I was guessing that maybe for the fabs themselves, mostly there was some one
company that delivered fabs. Or, why reinvent the wheel several times?

Sure, for the chip design, say, by Qualcomm, Samsung, Intel, IBM, that's a lot
of design software, know how, etc. And, sure, QC has to be one heck of an
Excedrin headache but with likely some long standing basic ideas for
_testability_.

------
nicholas73
The press articles about this generally are misleading in that they use
Silicon-Germanium as the catch phrase that's represents the breakthrough.
Whereas in fact SiGe processes have been available for at least a decade. I
know this because I developed chips for an IBM SiGe process a decade ago, and
in college I did a research paper on semiconductor "superlattices" using an
old textbook from our school library. It's not a new technology by any means.

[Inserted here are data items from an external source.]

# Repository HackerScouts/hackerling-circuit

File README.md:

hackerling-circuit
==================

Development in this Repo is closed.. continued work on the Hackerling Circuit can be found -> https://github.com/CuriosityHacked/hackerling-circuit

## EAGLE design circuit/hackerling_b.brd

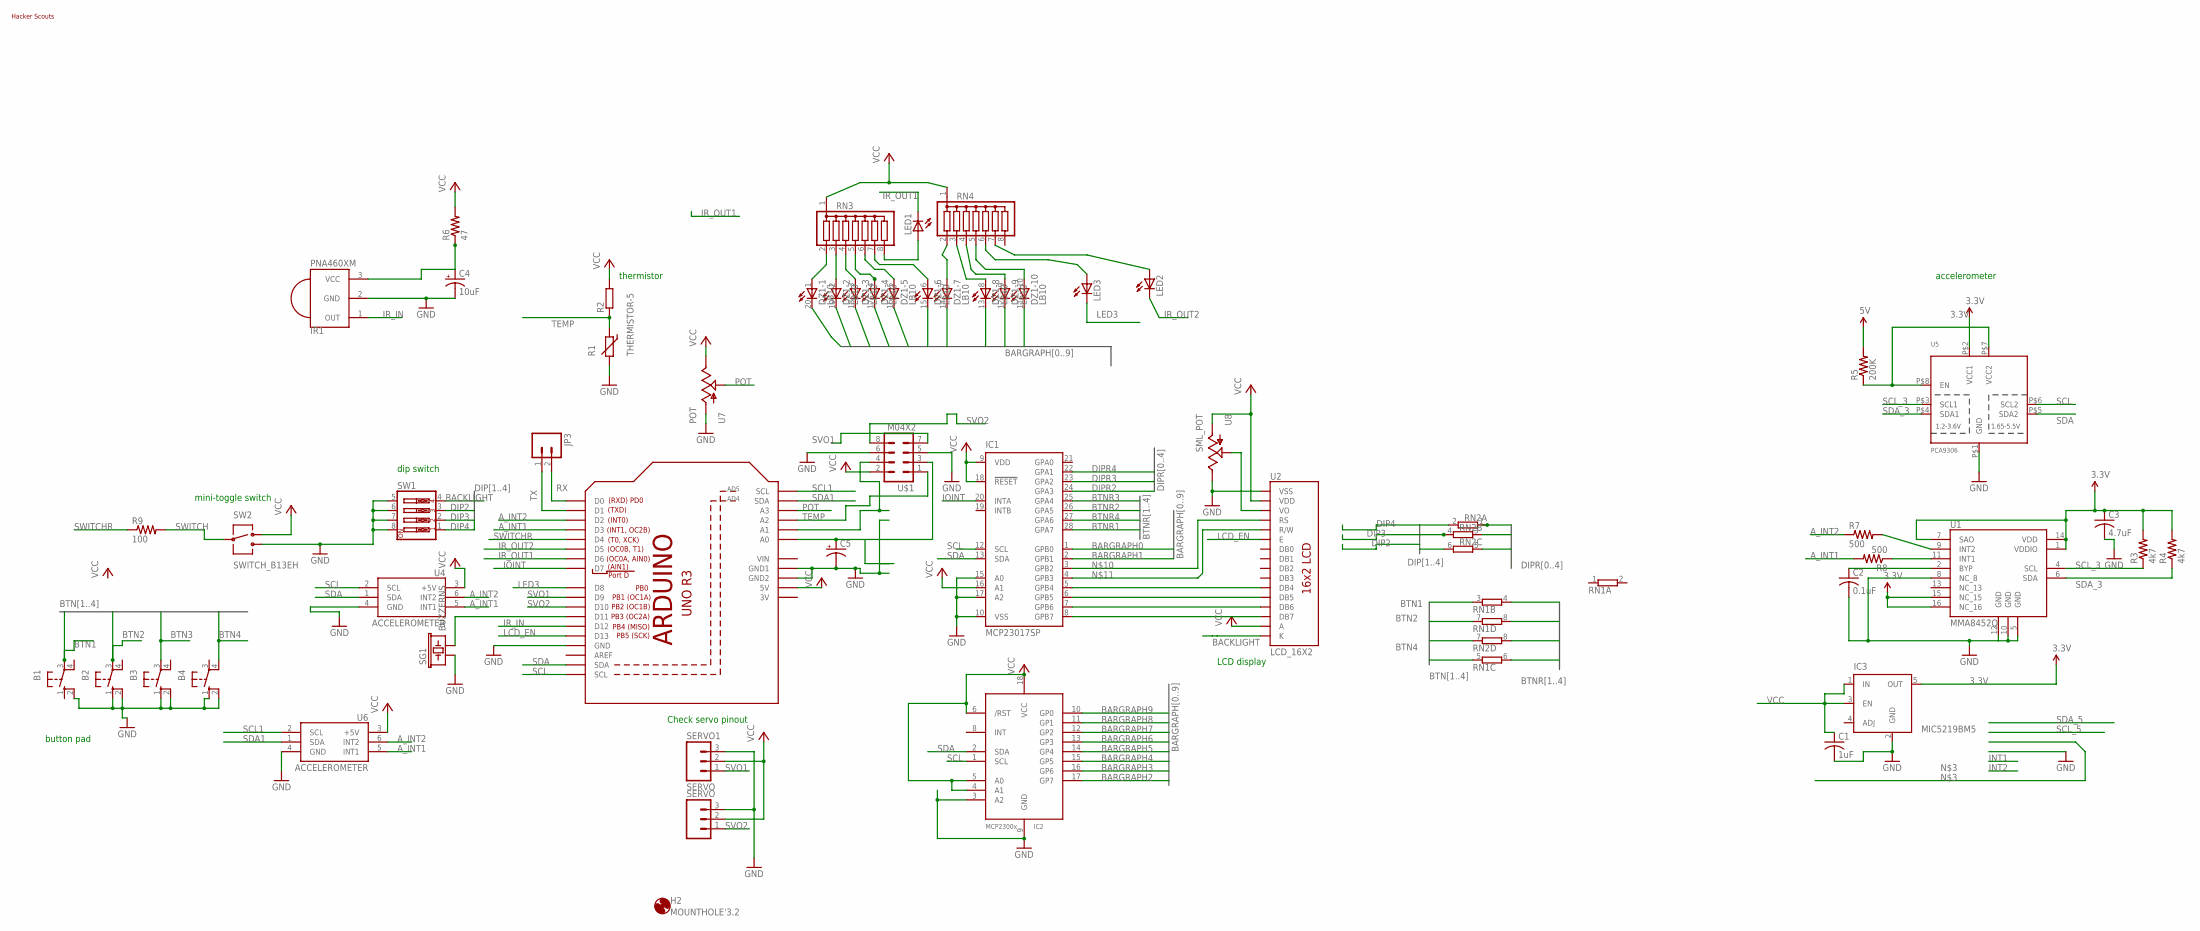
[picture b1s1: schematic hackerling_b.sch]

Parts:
B1, B2, B3, B4: SWITCH_BCF-4000; SWITCH_B3F-4000
C1: 1uF; C0603K
C2: 0.1uF; C0603K
C3: 4.7uF; C0603K
C4: 10uF; CAP_050X075
C5: CPOL-USE5-4; E5-4
DZ1: LB10
H2: MOUNTHOLE'3.2; HOLE_3.2
HACKERSCOUTSLOGO: HS-LOGO; HS-LOGO-SM-NOTEXT
IC1: MCP23017SP; DIL28-3
IC2: MCP2300X/P; DIL18
IC3: MIC5219BM5; SOT23-5
IR1: PNA460XM
JP3: M02LOCK; 1X02_LOCK
LED1, LED2, LED3: LED5MM
R1: THERMISTOR-5; R-5
R2: R-EU_0204/7; 0204/7
R3, R4: 4k7; 0603-RES
R5: 200K; 0603-RES
R6: 47; 0204/7
R7, R8: 500; 0603-RES
R9: 100; 0204/7
RN1, RN2: E4R; SIL8
RN3, RN4: G07R; SIL8
SERVO: M03LOCK; 1X03_LOCK
SERVO1: SERVO; 1X03_LOCK
SG1: BUZZERNS; BUZZER-12MM-NS
SW1: SW_DIP-4; EDG-04
SW2: SWITCH_B13EH
U1: MMA8452Q; QFN-16(5X3)
U2: LCD_16X2
U3: ARDUINOR3-BPLACE
U4, U6: ACCELEROMETER
U5: PCA9306; VSSOP-8
U7: POT; ALS_POT
U8: SML_POT
U$1: M04X2; 2X4

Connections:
3.3V: C3.1, IC3.5 (OUT), R3.2, R4.2, U1.1 (VDDIO), U1.7 (SAO), U1.14 (VDD), U1.15 (NC_15), U1.16 (NC_16), U5.P$2 (VCC1)
3V: U3.3V
A_INT1: R8.2, U3.D3, U4.5 (INT1), U6.5 (INT1)
A_INT2: R7.1, U3.D2, U4.6 (INT2), U6.6 (INT2)
BACKLIGHT: SW1.4, U2.16 (K)
BARGRAPH0: DZ1.20 (C), IC1.1 (GPB0)
BARGRAPH1: DZ1.19 (C), IC1.2 (GPB1)
BARGRAPH2: DZ1.18 (C), IC2.17 (GP7)
BARGRAPH3: DZ1.17 (C), IC2.16 (GP6)
BARGRAPH4: DZ1.16 (C), IC2.15 (GP5)
BARGRAPH5: DZ1.15 (C), IC2.14 (GP4)
BARGRAPH6: DZ1.14 (C), IC2.13 (GP3)
BARGRAPH7: DZ1.13 (C), IC2.12 (GP2)
BARGRAPH8: DZ1.12 (C), IC2.11 (GP1)
BARGRAPH9: DZ1.11 (C), IC2.10 (GP0)
BTN1: B1.3, RN1.3 (1)
BTN2: B2.3, RN1.7 (1)
BTN3: B3.3, RN2.7 (1)
BTN4: B4.4 (P1), RN1.5 (1)
BTNR1: IC1.28 (GPA7), RN1.4 (2)
BTNR2: IC1.26 (GPA5), RN1.8 (2)
BTNR3: IC1.25 (GPA4), RN2.8 (2)
BTNR4: IC1.27 (GPA6), RN1.6 (2)
DIP2: RN2.6 (2), SW1.3
DIP3: RN2.4 (2), SW1.2
DIP4: RN2.2, SW1.1
DIPR2: IC1.24 (GPA3), RN2.5 (1)
DIPR3: IC1.23 (GPA2), RN2.3 (1)
DIPR4: IC1.22 (GPA1), RN2.1
GND: B1.2 (S1), B2.1 (S), B2.2 (S1), B3.1 (S), B3.2 (S1), B4.1 (S), B4.2 (S1), C1.2, C2.2, C3.2, C4.2 (-), C5.-, IC1.10 (VSS), IC1.15 (A0), IC1.17 (A2), IC2.3 (A2), IC2.9 (GND), IC3.2 (GND), IR1.2 (GND), R1.2, SERVO.3, SERVO1.3, SG1.+ (1), SW1.5, SW1.6, SW1.7, SW1.8, SW2.3, U1.5 (GND), U1.8 (NC_8), U1.10 (GND), U1.12 (GND), U2.1 (VSS), U2.B1 (VSS), U3.GND, U3.GND1, U3.GND2, U4.4 (GND), U5.P$1 (GND), U6.4 (GND), U7.P$1 (A), U8.E, U$1.5, U$1.6
IOINT: IC1.20 (INTA), U3.D7
IR_IN: IR1.1 (OUT), U3.D12
IR_OUT1: LED1.K (C), U3.D6
IR_OUT2: LED2.K (C), U3.D5
LCD_EN: U2.6 (E), U3.D13
LED3: LED3.K (C), U3.D8
unnamed: IC1.8 (GPB7), U2.14 (DB7)
unnamed: IC1.7 (GPB6), U2.13 (DB6), U2.B13 (DB6)
unnamed: IC1.6 (GPB5), U2.12 (DB5), U2.B12 (DB5)
unnamed: IC1.5 (GPB4), U2.11 (DB4)
unnamed: R5.1, U5.P$7 (VCC2), U5.P$8 (EN)
unnamed: R7.2, U1.9 (INT2)
unnamed: R8.1, U1.11 (INT1)
unnamed: DZ1.2 (A), RN3.3
unnamed: DZ1.3 (A), RN3.4
unnamed: IC1.3 (GPB2), U2.4 (RS)
unnamed: IC1.4 (GPB3), U2.5 (R/W)
unnamed: LED2.A, RN4.7
unnamed: U2.3 (VO), U8.S
unnamed: SG1.- (2), U3.D11
unnamed: DZ1.7 (A), RN4.2
unnamed: DZ1.6 (A), RN3.7
unnamed: DZ1.1 (A), RN3.2
unnamed: C4.1 (+), IR1.3 (VCC), R6.1
unnamed: LED3.A, RN4.6
unnamed: DZ1.4 (A), RN3.5
unnamed: DZ1.5 (A), RN3.6
unnamed: U3.A1, U$1.4
unnamed: C2.1, U1.2 (BYP)
unnamed: C5.+, U3.A0, U$1.3
unnamed: DZ1.8 (A), RN4.3
unnamed: DZ1.9 (A), RN4.4
unnamed: DZ1.10 (A), RN4.5
unnamed: LED1.A, RN3.8
POT: U3.A3, U7.P$2 (S)
RX: JP3.2, U3.D0
SCL: IC1.12 (SCL), IC2.1 (SCL), U3.SCL, U4.2 (SCL), U5.P$6 (SCL2)
SCL1: U3.A5 (SCL), U6.2 (SCL)
SCL_3: R3.1, U1.4 (SCL), U5.P$3 (SCL1)
SDA: IC1.13 (SDA), IC2.2 (SDA), U3.SDA, U4.1 (SDA), U5.P$5 (SDA2)
SDA1: U3.A4 (SDA), U6.1 (SDA)
SDA_3: R4.1, U1.6 (SDA), U5.P$4 (SDA1)
SVO1: SERVO1.1, U3.D9, U$1.7
SVO2: SERVO.1, U3.D10, U$1.8
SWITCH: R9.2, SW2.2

IBM's 7nm is a great accomplishment for sure, but we really don't know
anything about how it was made from the articles. Essentially SiGe is a bit
more conductive and can switch faster than normal Si chips, thanks to quantum
tunneling.

------
icanhackit
Time to start working on the 7km chip. Fibre everywhere, content delivery
servers everywhere, game servers out the wazoo so my crappy media streaming
gadget or VR headset can remotely pull in the latest movies and games in 4K
with minimal lag. You could outfit a few of the world's major cities for the
cost of a new fab.

Unfortunately this won't sell new consumer hardware on an regular basis.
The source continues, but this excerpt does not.